◆ Material provided
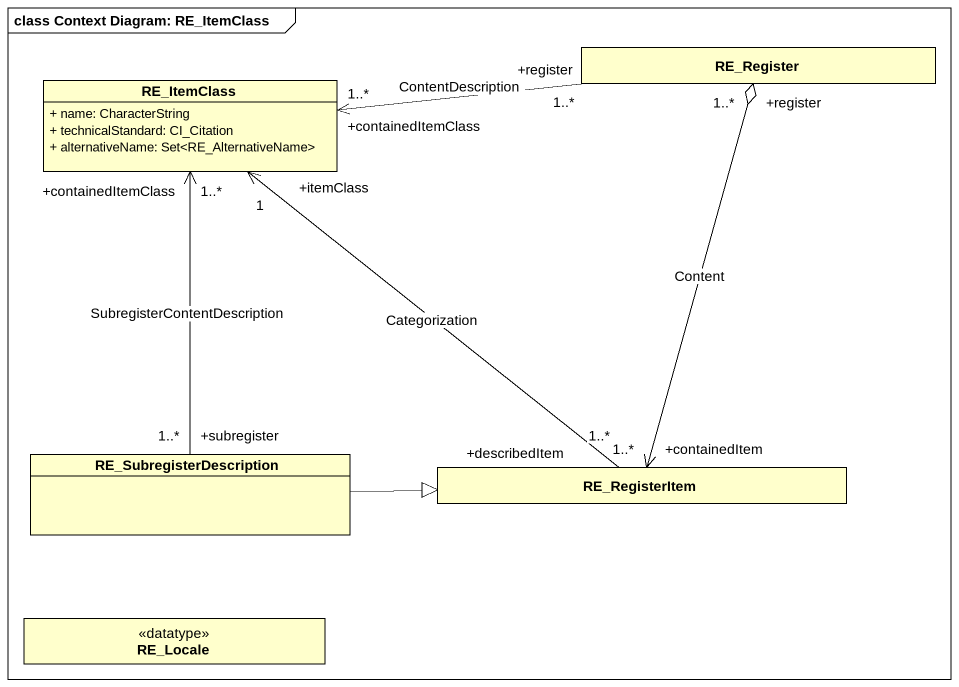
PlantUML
@startuml
mainframe class Context Diagram: RE_ItemClass
hide circle
hide empty members
skinparam classAttributeIconSize 0
class RE_ItemClass {
  + name: CharacterString
  + technicalStandard: CI_Citation
  + alternativeName: Set<RE_AlternativeName>
}
class RE_Register
class RE_SubregisterDescription
class RE_RegisterItem
class RE_Locale <<datatype>>
RE_Register "+register\n1..*" -left-> "+containedItemClass\n1..*" RE_ItemClass : ContentDescription
RE_Register "+register\n1..*" o--> "+containedItem\n1..*" RE_RegisterItem : Content
RE_SubregisterDescription "+subregister\n1..*" -up-> "+containedItemClass\n1..*" RE_ItemClass : SubregisterContentDescription
RE_SubregisterDescription -right-|> RE_RegisterItem
RE_RegisterItem "+describedItem\n1..*" -up-> "+itemClass\n1" RE_ItemClass : Categorization
@enduml

◆ Task prompt
Return the data exactly. Pictures stay out.

◆ Response area
PlantUML
@startuml
mainframe class Context Diagram: RE_ItemClass
hide circle
hide empty members
skinparam classAttributeIconSize 0
class RE_ItemClass {
  + name: CharacterString
  + technicalStandard: CI_Citation
  + alternativeName: Set<RE_AlternativeName>
}
class RE_Register
class RE_SubregisterDescription
class RE_RegisterItem
class RE_Locale <<datatype>>
RE_Register "+register\n1..*" -left-> "+containedItemClass\n1..*" RE_ItemClass : ContentDescription
RE_Register "+register\n1..*" o--> "+containedItem\n1..*" RE_RegisterItem : Content
RE_SubregisterDescription "+subregister\n1..*" -up-> "+containedItemClass\n1..*" RE_ItemClass : SubregisterContentDescription
RE_SubregisterDescription -right-|> RE_RegisterItem
RE_RegisterItem "+describedItem\n1..*" -up-> "+itemClass\n1" RE_ItemClass : Categorization
@enduml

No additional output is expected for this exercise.